Academics live in an alternative universe. Their year does not begin in January and end in December. Their Christmas and Easter breaks last several weeks rather than several days. Theoretically, they can be dismissed only for gross moral turpitude (though how gross is gross, you ask, and is not our idea of turpitude relative? they ask in philosophy seminars designed to ask questions to which there are no answers). But in truth no one is safe. We all edge out on the thin ice of life, as they would say on Thought for the Day, a programme that shares my own interest in implausible analogies.

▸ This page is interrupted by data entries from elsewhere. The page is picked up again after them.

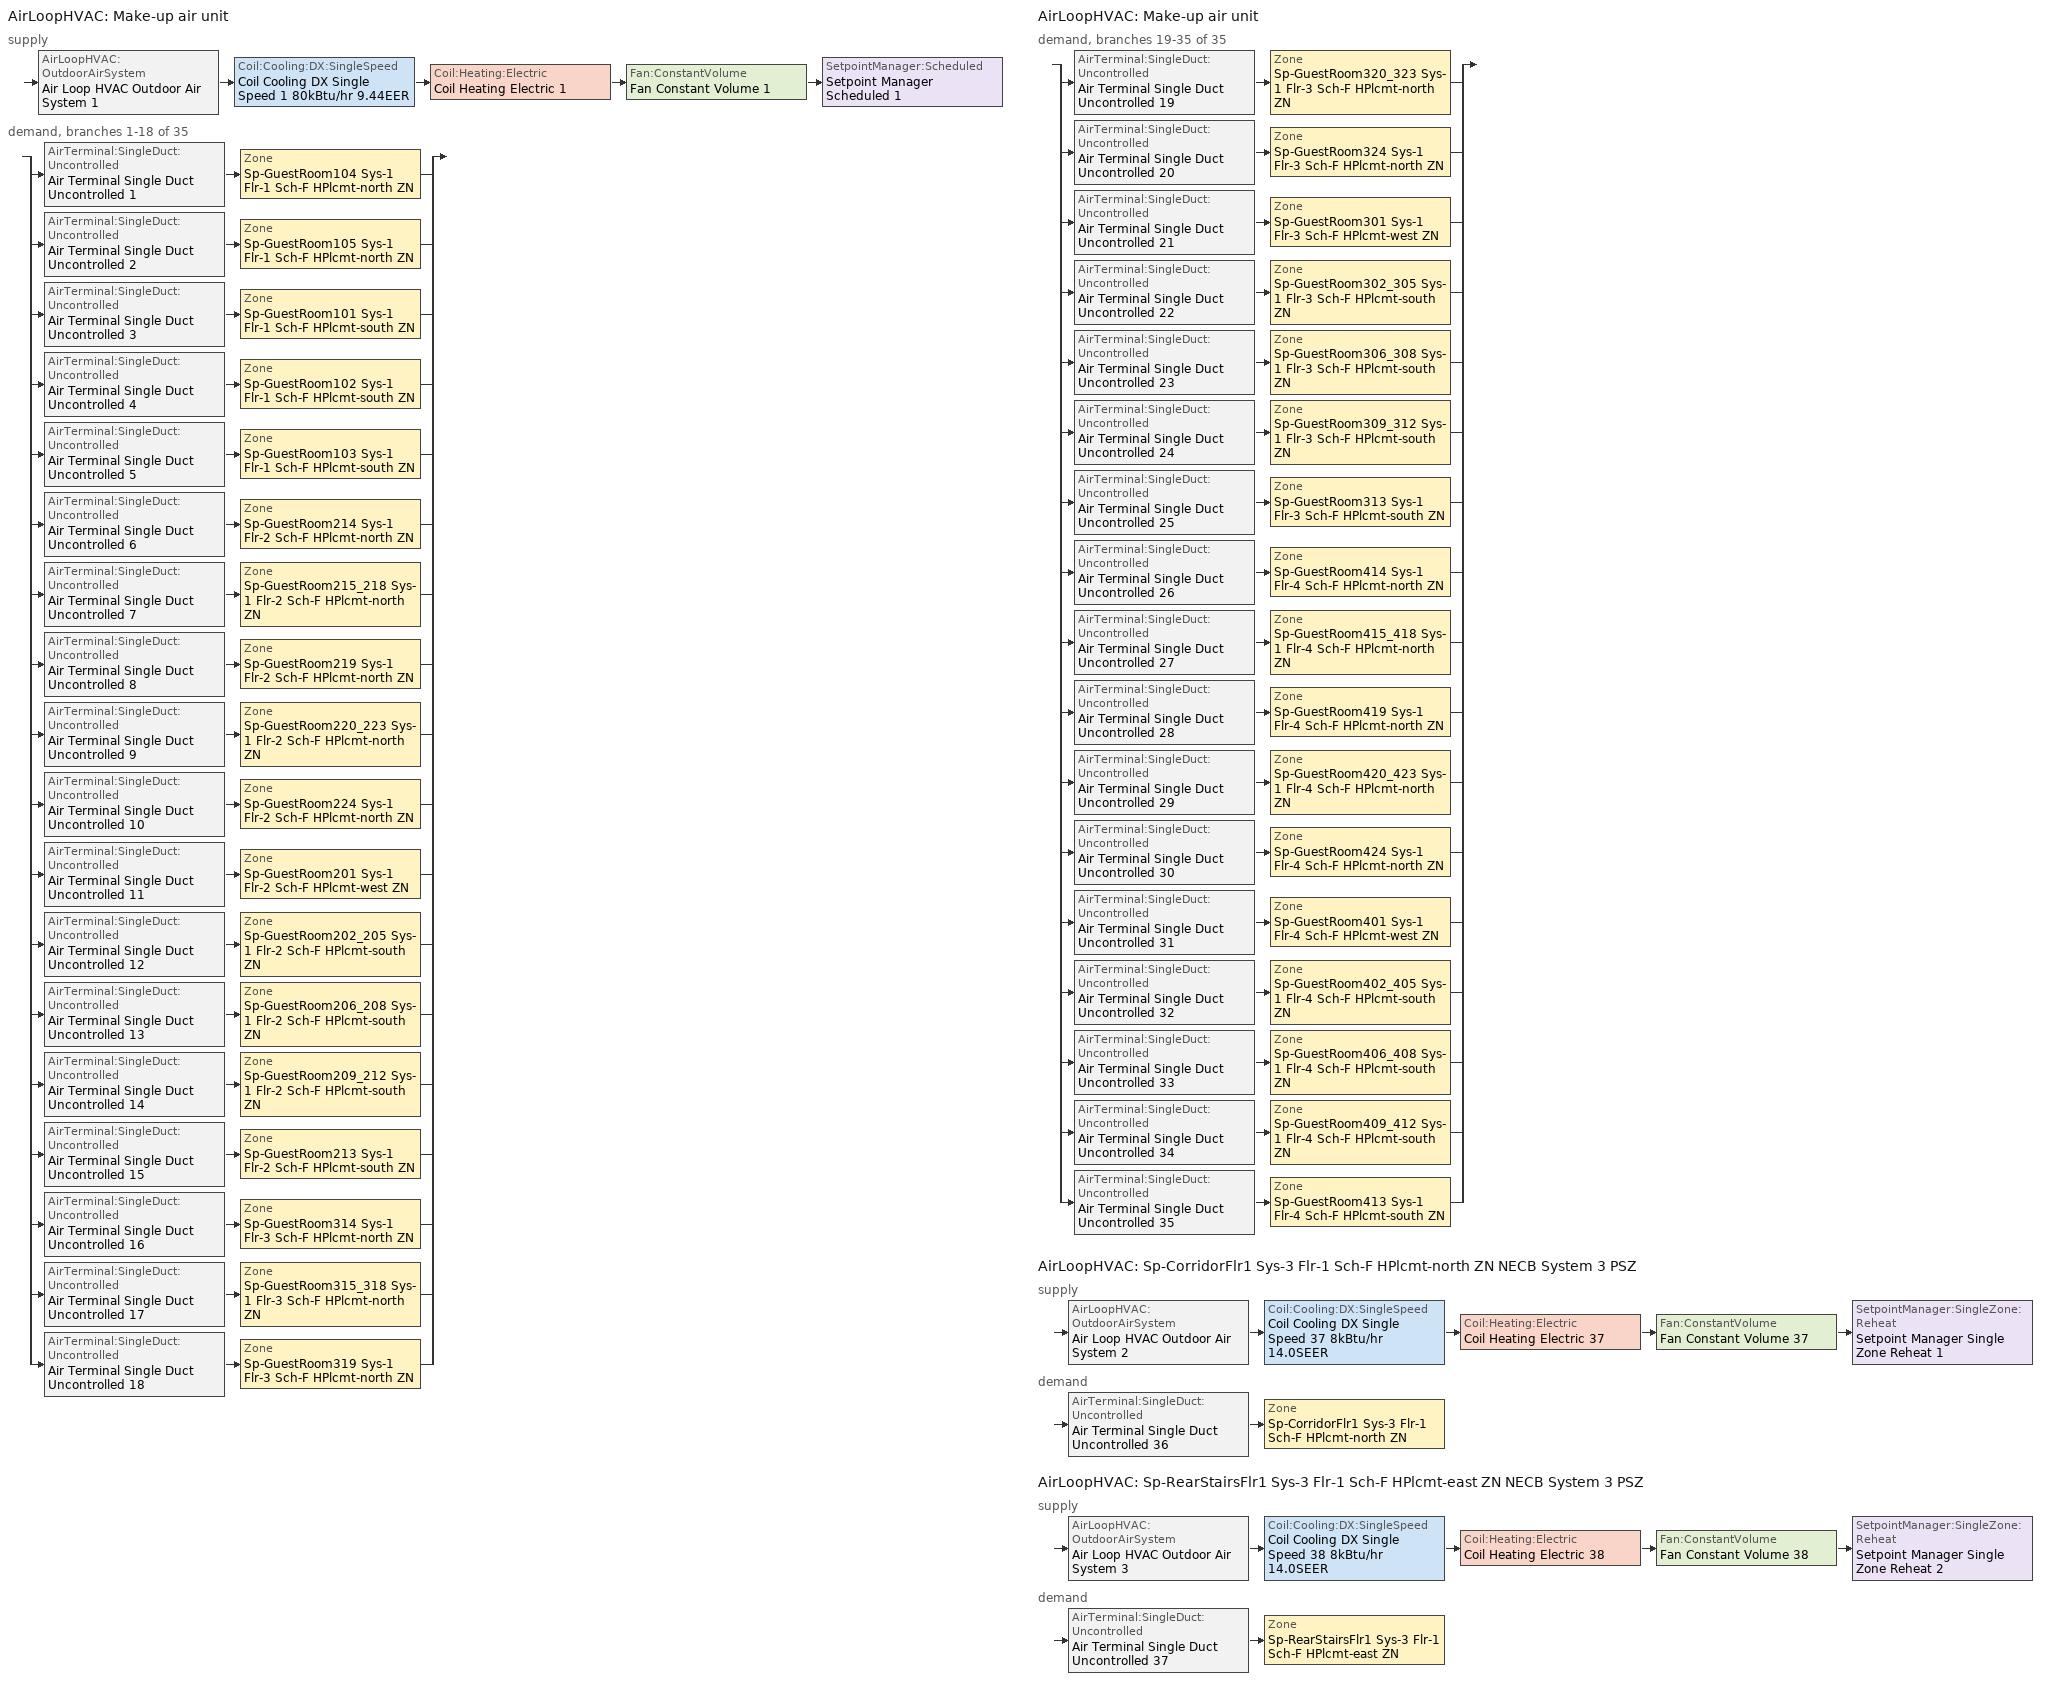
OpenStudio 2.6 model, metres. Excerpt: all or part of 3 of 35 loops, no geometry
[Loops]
AirLoopHVAC 'Make-up air unit'
 supply: AirLoopHVAC:OutdoorAirSystem 'Air Loop HVAC Outdoor Air System 1' > Coil:Cooling:DX:SingleSpeed 'Coil Cooling DX Single Speed 1 80kBtu/hr 9.44EER' > Coil:Heating:Electric 'Coil Heating Electric 1' > Fan:ConstantVolume 'Fan Constant Volume 1' > SetpointManager:Scheduled 'Setpoint Manager Scheduled 1'
 demand, branches 1-18 of 35: split
  | AirTerminal:SingleDuct:Uncontrolled 'Air Terminal Single Duct Uncontrolled 1' > Zone 'Sp-GuestRoom104 Sys-1 Flr-1 Sch-F HPlcmt-north ZN'
  | AirTerminal:SingleDuct:Uncontrolled 'Air Terminal Single Duct Uncontrolled 2' > Zone 'Sp-GuestRoom105 Sys-1 Flr-1 Sch-F HPlcmt-north ZN'
  | AirTerminal:SingleDuct:Uncontrolled 'Air Terminal Single Duct Uncontrolled 3' > Zone 'Sp-GuestRoom101 Sys-1 Flr-1 Sch-F HPlcmt-south ZN'
  | AirTerminal:SingleDuct:Uncontrolled 'Air Terminal Single Duct Uncontrolled 4' > Zone 'Sp-GuestRoom102 Sys-1 Flr-1 Sch-F HPlcmt-south ZN'
  | AirTerminal:SingleDuct:Uncontrolled 'Air Terminal Single Duct Uncontrolled 5' > Zone 'Sp-GuestRoom103 Sys-1 Flr-1 Sch-F HPlcmt-south ZN'
  | AirTerminal:SingleDuct:Uncontrolled 'Air Terminal Single Duct Uncontrolled 6' > Zone 'Sp-GuestRoom214 Sys-1 Flr-2 Sch-F HPlcmt-north ZN'
  | AirTerminal:SingleDuct:Uncontrolled 'Air Terminal Single Duct Uncontrolled 7' > Zone 'Sp-GuestRoom215_218 Sys-1 Flr-2 Sch-F HPlcmt-north ZN'
  | AirTerminal:SingleDuct:Uncontrolled 'Air Terminal Single Duct Uncontrolled 8' > Zone 'Sp-GuestRoom219 Sys-1 Flr-2 Sch-F HPlcmt-north ZN'
  | AirTerminal:SingleDuct:Uncontrolled 'Air Terminal Single Duct Uncontrolled 9' > Zone 'Sp-GuestRoom220_223 Sys-1 Flr-2 Sch-F HPlcmt-north ZN'
  | AirTerminal:SingleDuct:Uncontrolled 'Air Terminal Single Duct Uncontrolled 10' > Zone 'Sp-GuestRoom224 Sys-1 Flr-2 Sch-F HPlcmt-north ZN'
  | AirTerminal:SingleDuct:Uncontrolled 'Air Terminal Single Duct Uncontrolled 11' > Zone 'Sp-GuestRoom201 Sys-1 Flr-2 Sch-F HPlcmt-west ZN'
  | AirTerminal:SingleDuct:Uncontrolled 'Air Terminal Single Duct Uncontrolled 12' > Zone 'Sp-GuestRoom202_205 Sys-1 Flr-2 Sch-F HPlcmt-south ZN'
  | AirTerminal:SingleDuct:Uncontrolled 'Air Terminal Single Duct Uncontrolled 13' > Zone 'Sp-GuestRoom206_208 Sys-1 Flr-2 Sch-F HPlcmt-south ZN'
  | AirTerminal:SingleDuct:Uncontrolled 'Air Terminal Single Duct Uncontrolled 14' > Zone 'Sp-GuestRoom209_212 Sys-1 Flr-2 Sch-F HPlcmt-south ZN'
  | AirTerminal:SingleDuct:Uncontrolled 'Air Terminal Single Duct Uncontrolled 15' > Zone 'Sp-GuestRoom213 Sys-1 Flr-2 Sch-F HPlcmt-south ZN'
  | AirTerminal:SingleDuct:Uncontrolled 'Air Terminal Single Duct Uncontrolled 16' > Zone 'Sp-GuestRoom314 Sys-1 Flr-3 Sch-F HPlcmt-north ZN'
  | AirTerminal:SingleDuct:Uncontrolled 'Air Terminal Single Duct Uncontrolled 17' > Zone 'Sp-GuestRoom315_318 Sys-1 Flr-3 Sch-F HPlcmt-north ZN'
  | AirTerminal:SingleDuct:Uncontrolled 'Air Terminal Single Duct Uncontrolled 18' > Zone 'Sp-GuestRoom319 Sys-1 Flr-3 Sch-F HPlcmt-north ZN'
AirLoopHVAC 'Make-up air unit'
 demand, branches 19-35 of 35: split
  | AirTerminal:SingleDuct:Uncontrolled 'Air Terminal Single Duct Uncontrolled 19' > Zone 'Sp-GuestRoom320_323 Sys-1 Flr-3 Sch-F HPlcmt-north ZN'
  | AirTerminal:SingleDuct:Uncontrolled 'Air Terminal Single Duct Uncontrolled 20' > Zone 'Sp-GuestRoom324 Sys-1 Flr-3 Sch-F HPlcmt-north ZN'
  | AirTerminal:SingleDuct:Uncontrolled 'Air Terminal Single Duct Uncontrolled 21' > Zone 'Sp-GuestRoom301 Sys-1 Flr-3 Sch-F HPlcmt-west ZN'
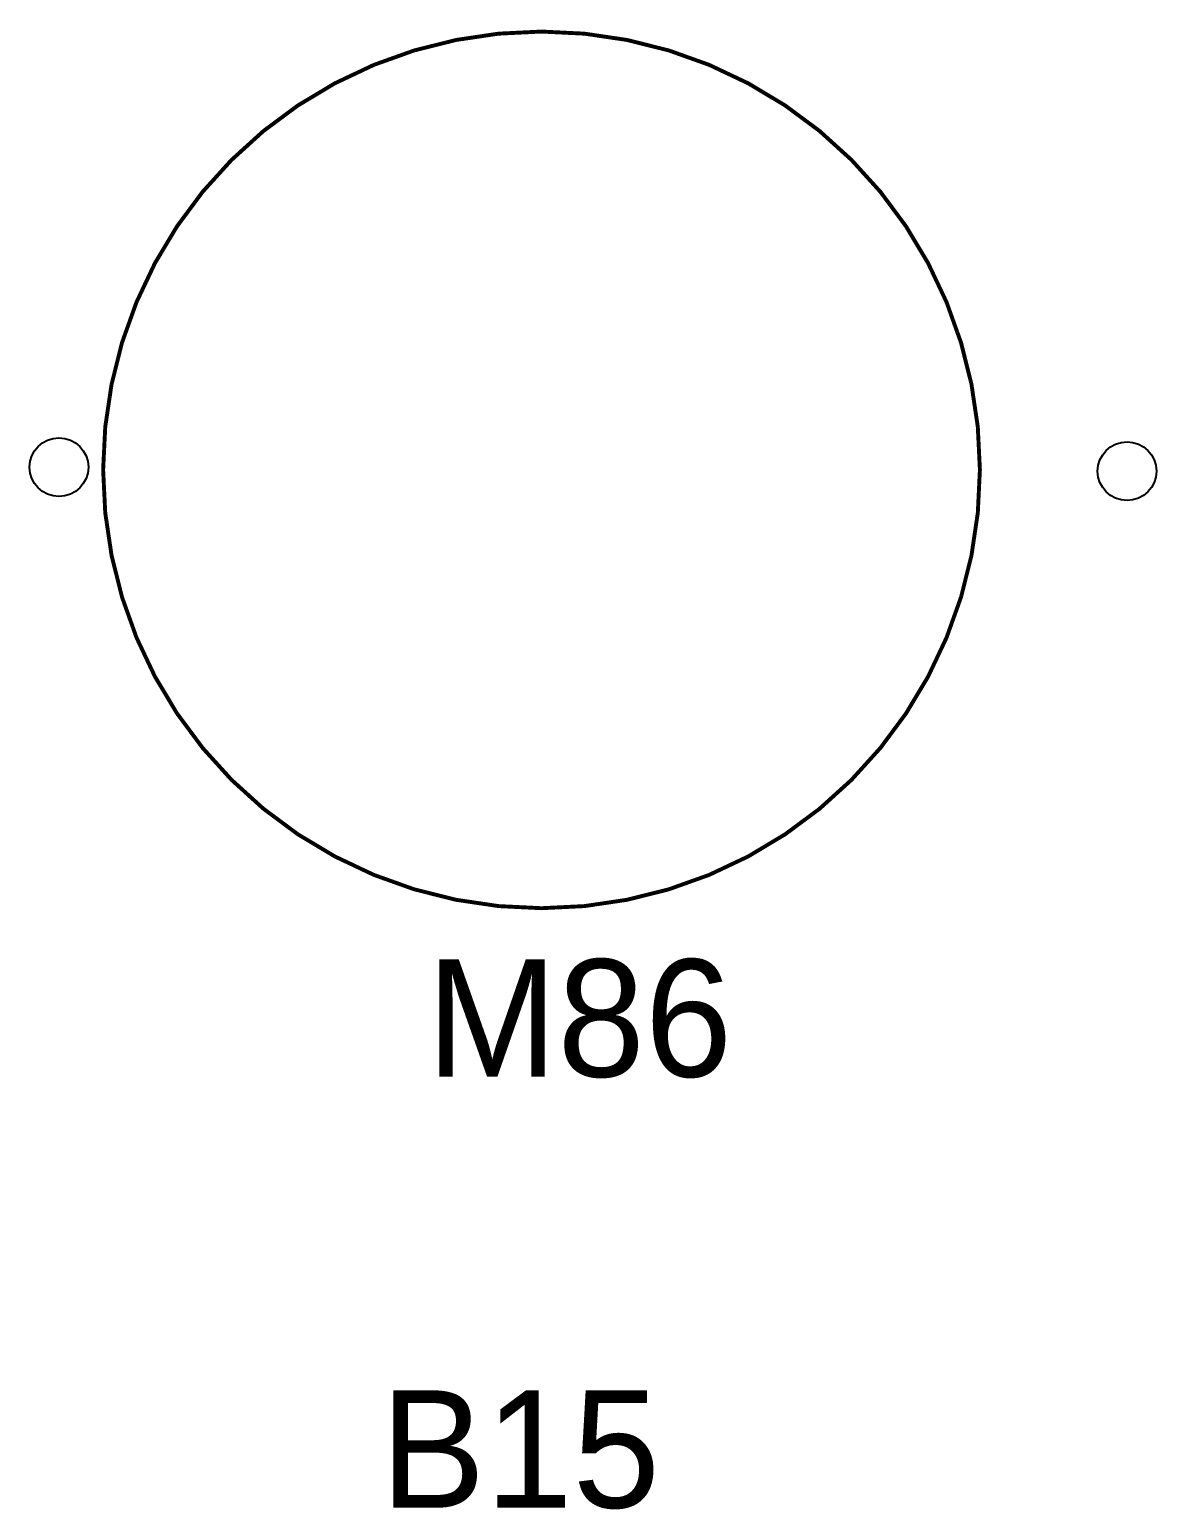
# Model space of a CAD drawing. Extents: x -2 to 189, y 0 to 85.
# Drawn here: x 87.87 to 95.18, y 12.74 to 22.34 of the extents above; entities that cross this region are included whole.
import ezdxf

# ---------------------------------------------------------------- set-up
doc = ezdxf.new("R2010")
doc.units = 0
for name, color, linetype in [('BG_SILKSCREEN_TOP', 240, 'CONTINUOUS'), ('PIN_TOP', 12, 'CONTINUOUS'), ('RD_SILKSCREEN_TOP', 231, 'CONTINUOUS')]:
    doc.layers.add(name, color=color, linetype=linetype)

msp = doc.modelspace()

# ---------------------------------------------------------------- linework, layer by layer
at = {"layer": 'BG_SILKSCREEN_TOP', "const_width": 0.0254}
msp.add_lwpolyline([(94.037658, 19.480022, 1), (88.350598, 19.480022, 1), (94.037658, 19.480022)], format="xyb", dxfattribs=at)
at = {"layer": 'PIN_TOP'}
for centre in [(88.064086, 19.498056), (94.991936, 19.471386)]:
    msp.add_circle(centre, 0.1905, dxfattribs=at)

# ---------------------------------------------------------------- texts
at = {"layer": 'RD_SILKSCREEN_TOP'}
for s, p in [('M86', (90.448638, 15.543022)), ('B15', (90.14968, 12.747244))]:
    msp.add_text(s, height=0.762, dxfattribs=at).set_placement(p)

doc.saveas('drawing.dxf')

When I was a child, my mother would take me into a shoe shop and while she talked endlessly to the assistant about size and width and arches, I would climb on to a machine that X-rayed feet. You could see all the bones in a green glow. I would stay on it for 10 minutes. Fifteen. Today, you are allowed a fraction of a second of exposure to such X-rays. As a result I await the moment when my feet will drop off.
Dentists, meanwhile, are ever eager to submit you to X-rays. They make you hold the film on with your finger and then they are off, running down the corridor with their assistants to distance themselves from danger. It is only a matter of time before I lose my fingers, let alone my teeth.
Then there are the luminous watches. I wear mine on the inside of my wrist. Their glow is a result of radiation. So there goes my hand. When my wife read of the dangers of luminous clocks, she moved our alarm clock from her side of the bed to mine. We all live on borrowed time. I don’t so much have a life as a half-life.
And as I grow older, so I am mocked by technology. Today, every device insists on telling me the time. I watch the red figures on a microwave count down the remaining seconds of my life. “Cook for three minutes,” it says. So I cook it for two and save a minute of my life. I take a similar approach to the National Lottery. I don’t play. That saves me £50 a year. This year, what with the recession, I decided not to buy two tickets, so I am saving £100. If they continue to freeze salaries, I may not buy three.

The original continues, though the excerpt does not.